# Circular watermark in images



## Jethro (Jan 18, 2020)

I just bought a Laowa 100mm macro lens, and I've used it with the EF-RF adaptor. Two problems:
1. It forces a 1.6 cropping ratio (no others available) &
2. Through the EVF (and the back screen) I get a circular watermark on screen as below:




This watermark stays in the saved image. *But* when I download the image into Lightroom, while the watermark initially appears on screen, when it prepares 'standard previews', the watermark disappears - and doesn't seem to be in the actual image! My suspicion is that it is showing the 1.6 crop on screen. But it doesn't do that when I attach an EF-S lens.
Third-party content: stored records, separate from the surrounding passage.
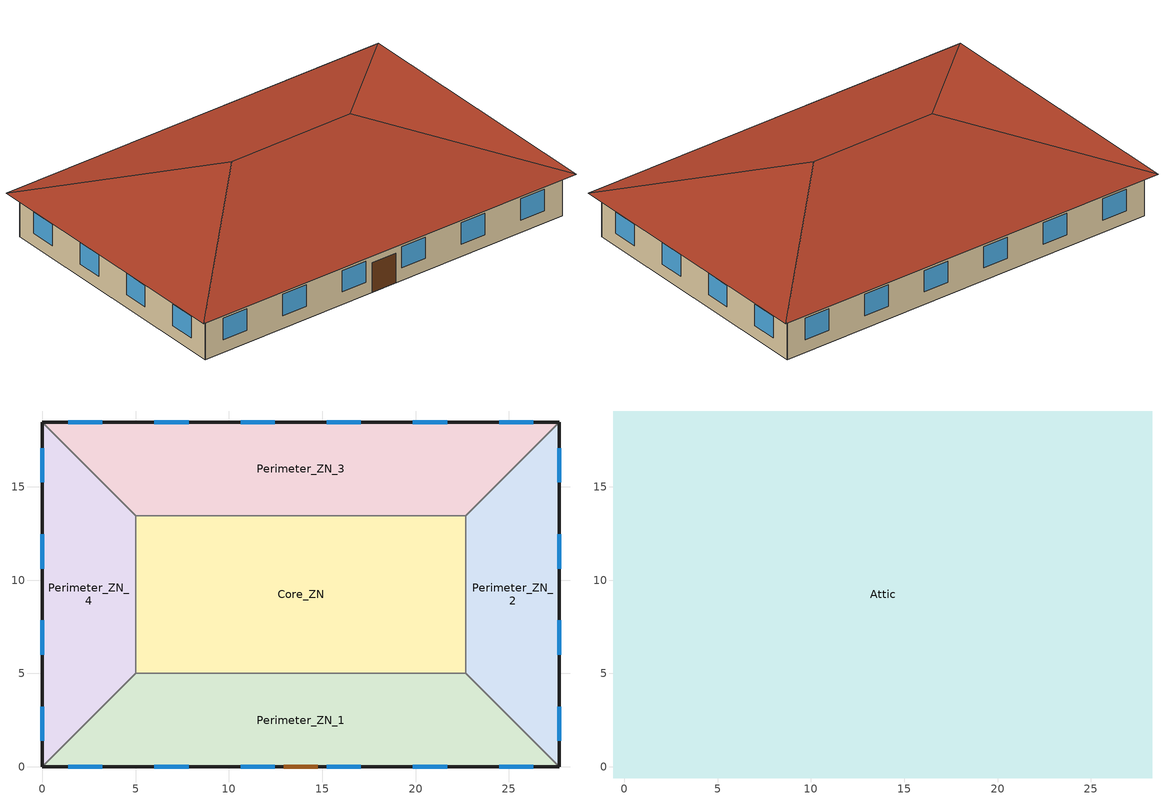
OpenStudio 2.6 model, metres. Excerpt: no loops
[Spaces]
Perimeter_ZN_1
 floor ground: 22.69,5 27.69,0 0,0 5,5 z0
 wall outside: 0,0 27.69,0 z0:3.05
 wall to Perimeter_ZN_4: 5,5 0,0 z0:3.05
 wall to Core_ZN: 22.69,5 5,5 z0:3.05
 wall to Perimeter_ZN_2: 27.69,0 22.69,5 z0:3.05
 window: 1.39,0 3.22,0 / 19.85,0 21.68,0 / 15.24,0 17.07,0 / 6.01,0 7.84,0 / 10.62,0 12.45,0 / 24.47,0 26.3,0 z0.9:2.42
 door: 12.93,0 14.76,0 z0:2.13
Perimeter_ZN_2
 floor ground: 27.69,18.46 27.69,0 22.69,5 22.69,13.46 z0
 wall outside: 27.69,0 27.69,18.46 z0:3.05
 wall to Perimeter_ZN_3: 27.69,18.46 22.69,13.46 z0:3.05
 wall to Core_ZN: 22.69,13.46 22.69,5 z0:3.05
 window: 27.69,1.39 27.69,3.22 / 27.69,10.62 27.69,12.45 / 27.69,15.24 27.69,17.07 / 27.69,6.01 27.69,7.84 z0.9:2.42
Perimeter_ZN_3
 floor ground: 27.69,18.46 22.69,13.46 5,13.46 0,18.46 z0
 wall outside: 27.69,18.46 0,18.46 z0:3.05
 wall to Core_ZN: 5,13.46 22.69,13.46 z0:3.05
 wall to Perimeter_ZN_4: 0,18.46 5,13.46 z0:3.05
 window: 21.68,18.46 19.85,18.46 / 7.84,18.46 6.01,18.46 / 17.07,18.46 15.24,18.46 / 12.45,18.46 10.62,18.46 / 26.3,18.46 24.47,18.46 / 3.22,18.46 1.39,18.46 z0.9:2.42
Perimeter_ZN_4
 floor ground: 0,18.46 5,13.46 5,5 0,0 z0
 wall outside: 0,18.46 0,0 z0:3.05
 wall to Core_ZN: 5,5 5,13.46 z0:3.05
 window: 0,3.22 0,1.39 / 0,12.45 0,10.62 / 0,7.84 0,6.01 / 0,17.07 0,15.24 z0.9:2.42
Core_ZN
 floor ground: 22.69,13.46 22.69,5 5,5 5,13.46 z0
Attic
 floor outside: 28.29,19.06 27.69,18.46 0,18.46 -0.6,19.06 z3.05; -0.6,19.06 0,18.46 0,0 -0.6,-0.6 z3.05; 28.29,19.06 28.29,-0.6 27.69,0 27.69,18.46 z3.05; 27.69,0 28.29,-0.6 -0.6,-0.6 0,0 z3.05
 floor to Perimeter_ZN_4: 0,18.46 5,13.46 5,5 0,0 z3.05
 floor to Perimeter_ZN_1: 22.69,5 27.69,0 0,0 5,5 z3.05
 floor to Perimeter_ZN_2: 27.69,18.46 27.69,0 22.69,5 22.69,13.46 z3.05
 floor to Core_ZN: 22.69,13.46 22.69,5 5,5 5,13.46 z3.05
 floor to Perimeter_ZN_3: 27.69,18.46 22.69,13.46 5,13.46 0,18.46 z3.05
 roof outside: 18.46,9.23,6.33 28.29,-0.6,3.05 28.29,19.06,3.05; 18.46,9.23,6.33 28.29,19.06,3.05 -0.6,19.06,3.05 9.23,9.23,6.33; 9.23,9.23,6.33 -0.6,-0.6,3.05 28.29,-0.6,3.05 18.46,9.23,6.33; 9.23,9.23,6.33 -0.6,19.06,3.05 -0.6,-0.6,3.05
[MaterialProperty:GlazingSpectralData] Wavelength 1 {micron}=0.3; Transmittance 1=0; Front Reflectance 1=0.04; Back Reflectance 1=0.04; Wavelength 2 {micron}=0.305; Transmittance 2=0; Front Reflectance 2=0.04; Back Reflectance 2=0.04; Wavelength 3 {micron}=0.31; Transmittance 3=0; Front Reflectance 3=0.04; Back Reflectance 3=0.04; Wavelength 4 {micron}=0.315; Transmittance 4=0; Front Reflectance 4=0.04; Back Reflectance 4=0.04; Wavelength 5 {micron}=0.32; Transmittance 5=0; Front Reflectance 5=0.04; Back Reflectance 5=0.04; Wavelength 6 {micron}=0.325; Transmittance 6=0.001; Front Reflectance 6=0.04; Back Reflectance 6=0.04; Wavelength 7 {micron}=0.33; Transmittance 7=0.001; Front Reflectance 7=0.04; Back Reflectance 7=0.04; Wavelength 8 {micron}=0.335; Transmittance 8=0.001; Front Reflectance 8=0.04; Back Reflectance 8=0.04; Wavelength 9 {micron}=0.34; Transmittance 9=0.001; Front Reflectance 9=0.04; Back Reflectance 9=0.04; Wavelength 10 {micron}=0.345; Transmittance 10=0.001; Front Reflectance 10=0.04; Back Reflectance 10=0.04; Wavelength 11 {micron}=0.35; Transmittance 11=0.001; Front Reflectance 11=0.04; Back Reflectance 11=0.04; Wavelength 12 {micron}=0.355; Front Reflectance 12=0.04; Back Reflectance 12=0.04; Wavelength 13 {micron}=0.36; Wavelength 14 {micron}=0.365; Wavelength 15 {micron}=0.37; Wavelength 16 {micron}=0.375; Front Reflectance 16=0.041; Back Reflectance 16=0.041; Wavelength 17 {micron}=0.38; Wavelength 18 {micron}=0.385; Wavelength 19 {micron}=0.39; Wavelength 20 {micron}=0.395; Wavelength 21 {micron}=0.4; Wavelength 22 {micron}=0.405; Wavelength 23 {micron}=0.41; Wavelength 24 {micron}=0.415; Wavelength 25 {micron}=0.42; Wavelength 26 {micron}=0.425; Wavelength 27 {micron}=0.43; Wavelength 28 {micron}=0.435; Wavelength 29 {micron}=0.44; Wavelength 30 {micron}=0.445; Wavelength 31 {micron}=0.45; Wavelength 32 {micron}=0.455; Wavelength 33 {micron}=0.46; Wavelength 34 {micron}=0.465; Wavelength 35 {micron}=0.47; Wavelength 36 {micron}=0.475; Wavelength 37 {micron}=0.48; Wavelength 38 {micron}=0.485; Wavelength 39 {micron}=0.49; Wavelength 40 {micron}=0.495; Wavelength 41 {micron}=0.5; Wavelength 42 {micron}=0.505; Wavelength 43 {micron}=0.51; Wavelength 44 {micron}=0.515; Wavelength 45 {micron}=0.52; Wavelength 46 {micron}=0.525; Wavelength 47 {micron}=0.53; Wavelength 48 {micron}=0.535; Wavelength 49 {micron}=0.54; Wavelength 50 {micron}=0.545; Wavelength 51 {micron}=0.55; Wavelength 52 {micron}=0.555; Wavelength 53 {micron}=0.56; Wavelength 54 {micron}=0.565; Wavelength 55 {micron}=0.57; Wavelength 56 {micron}=0.575; Wavelength 57 {micron}=0.58; Wavelength 58 {micron}=0.585; Wavelength 59 {micron}=0.59; Wavelength 60 {micron}=0.595; Wavelength 61 {micron}=0.6; Wavelength 62 {micron}=0.605; Wavelength 63 {micron}=0.61; Wavelength 64 {micron}=0.615; Wavelength 65 {micron}=0.62; Wavelength 66 {micron}=0.625; Wavelength 67 {micron}=0.63; Wavelength 68 {micron}=0.635; Wavelength 69 {micron}=0.64; Wavelength 70 {micron}=0.645; Wavelength 71 {micron}=0.65; Wavelength 72 {micron}=0.655; Wavelength 73 {micron}=0.66; Wavelength 74 {micron}=0.665; Wavelength 75 {micron}=0.67; Wavelength 76 {micron}=0.675; Wavelength 77 {micron}=0.68; Front Reflectance 77=0.064; Back Reflectance 77=0.064; Wavelength 78 {micron}=0.685; Wavelength 79 {micron}=0.69; Wavelength 80 {micron}=0.695; Wavelength 81 {micron}=0.7; Wavelength 82 {micron}=0.705; Wavelength 83 {micron}=0.71; Front Reflectance 83=0.065; Back Reflectance 83=0.065; Wavelength 84 {micron}=0.715; Front Reflectance 84=0.065; Back Reflectance 84=0.065; Wavelength 85 {micron}=0.72; Wavelength 86 {micron}=0.725; Wavelength 87 {micron}=0.73; Wavelength 88 {micron}=0.735; Wavelength 89 {micron}=0.74; Wavelength 90 {micron}=0.745; Front Reflectance 90=0.066; Back Reflectance 90=0.066; Wavelength 91 {micron}=0.75; Front Reflectance 91=0.066; Back Reflectance 91=0.066; Wavelength 92 {micron}=0.755; Front Reflectance 92=0.066; Back Reflectance 92=0.066; Wavelength 93 {micron}=0.76; Front Reflectance 93=0.066; Back Reflectance 93=0.066; Wavelength 94 {micron}=0.765; Wavelength 95 {micron}=0.77; Wavelength 96 {micron}=0.775; Front Reflectance 96=0.067; Back Reflectance 96=0.067; Wavelength 97 {micron}=0.78; Front Reflectance 97=0.067; Back Reflectance 97=0.067; Wavelength 98 {micron}=0.785; Front Reflectance 98=0.067; Back Reflectance 98=0.067; Wavelength 99 {micron}=0.79; Front Reflectance 99=0.067; Back Reflectance 99=0.067; Wavelength 100 {micron}=0.795; Front Reflectance 100=0.067; Back Reflectance 100=0.067; Wavelength 101 {micron}=0.8; Front Reflectance 101=0.067; Back Reflectance 101=0.067; Wavelength 102 {micron}=0.805; Front Reflectance 102=0.067; Back Reflectance 102=0.067; Wavelength 103 {micron}=0.81; Front Reflectance 103=0.067; Back Reflectance 103=0.067; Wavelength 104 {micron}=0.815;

Any ideas about either of the above issues? I've tried the lens on my 6D and it doesn't seem to be cropping, and the watermark isn't there. The EOS R is certainly recognising the lens, because it can control aperture, and the 'lens aperture correction' recognises the specific lens. I've tried turning off the corrections, and that doesn't make any difference.


----------



## bhf3737 (Jan 18, 2020)

Is the "Lens Aberration Correction" set to ON? If so, turning it off may remove those circles. I remember some old Sigma lenses showed something similar when the aberration correction was on.


----------



## Jethro (Jan 18, 2020)

bhf3737 said:


> Is the "Lens Aberration Correction" set to ON? If so, turning it off may remove those circles. I remember some old Sigma lenses showed something similar when the aberration correction was on.


All the Lens Aberration Correction options (Peripheral / Distortion / Lens Optimiser) are all set to 'ON'. I tried them on off as well - but no difference. Sorry - I said 'aperture' correction above - I meant 'aberration'.


----------



## Jethro (Jan 18, 2020)

Hang on - I've just tried turning off the Lens Aberration Correction options again, and the watermark disappears!

It is still showing a 1.6 crop though - but I'm wondering whether this is real or not. I'll try and test with my 6D.

Edit: it is definitely cropping - the image is much larger than on my 6D.


----------



## koenkooi (Jan 18, 2020)

It looks like it gets detected as an EF-S lens, Laowa will have to fix that with a firmware update. Have you contacted Laowa about this issue yet?


----------



## Jethro (Jan 18, 2020)

koenkooi said:


> It looks like it gets detected as an EF-S lens, Laowa will have to fix that with a firmware update. Have you contacted Laowa about this issue yet?


I think you're right, although it's odd that it can be the case when the camera can recognise the specific lens for correction purposes. The Australian supplier was going back to them late Friday - I'll pass on the reply when it comes. 

They are bringing out an RF mount version in March, but the EF mount was on deep discount in Australia last week so I jumped. Looks like its going back. Works great on the 6D by the way ...


----------



## koenkooi (Jan 19, 2020)

Jethro said:


> I think you're right, although it's odd that it can be the case when the camera can recognise the specific lens for correction purposes. The Australian supplier was going back to them late Friday - I'll pass on the reply when it comes.
> 
> They are bringing out an RF mount version in March, but the EF mount was on deep discount in Australia last week so I jumped. Looks like its going back. Works great on the 6D by the way ...



I'm looking at the EF version for my RP, I just love having the polarizer inside the adapter. I hope they fix it before spring starts in my end of the world


----------



## 4olipetit (Apr 16, 2020)

bonjour je m'intéresse au 100 mm laowa pour mon EOS R la version RF semble dépourvue de contacts ex-if et la version EF a un problème de recadrage du coup je vais peut-être me diriger vers L'irix 150 mm ?


----------



## ildyria (Apr 16, 2020)

4olipetit said:


> bonjour je m'intéresse au 100 mm laowa pour mon EOS R la version RF semble dépourvue de contacts ex-if et la version EF a un problème de recadrage du coup je vais peut-être me diriger vers L'irix 150 mm ?


For those non native French speakers...
"Hi, I am interested in the 100mm laowa for my EOS R, the RF version does not seem to have any exif informations and the EF version has a framing problem. So maybe I will consider the irix 150mm?

@4olipetit la ponctuation est nécessaire et peut sauver des vies :
_C'est l'heure de manger les enfants. (It's time to eat kids.)_
VS
_C'est l'heure de manger, les enfants. (It's time to eat, kids.)_


----------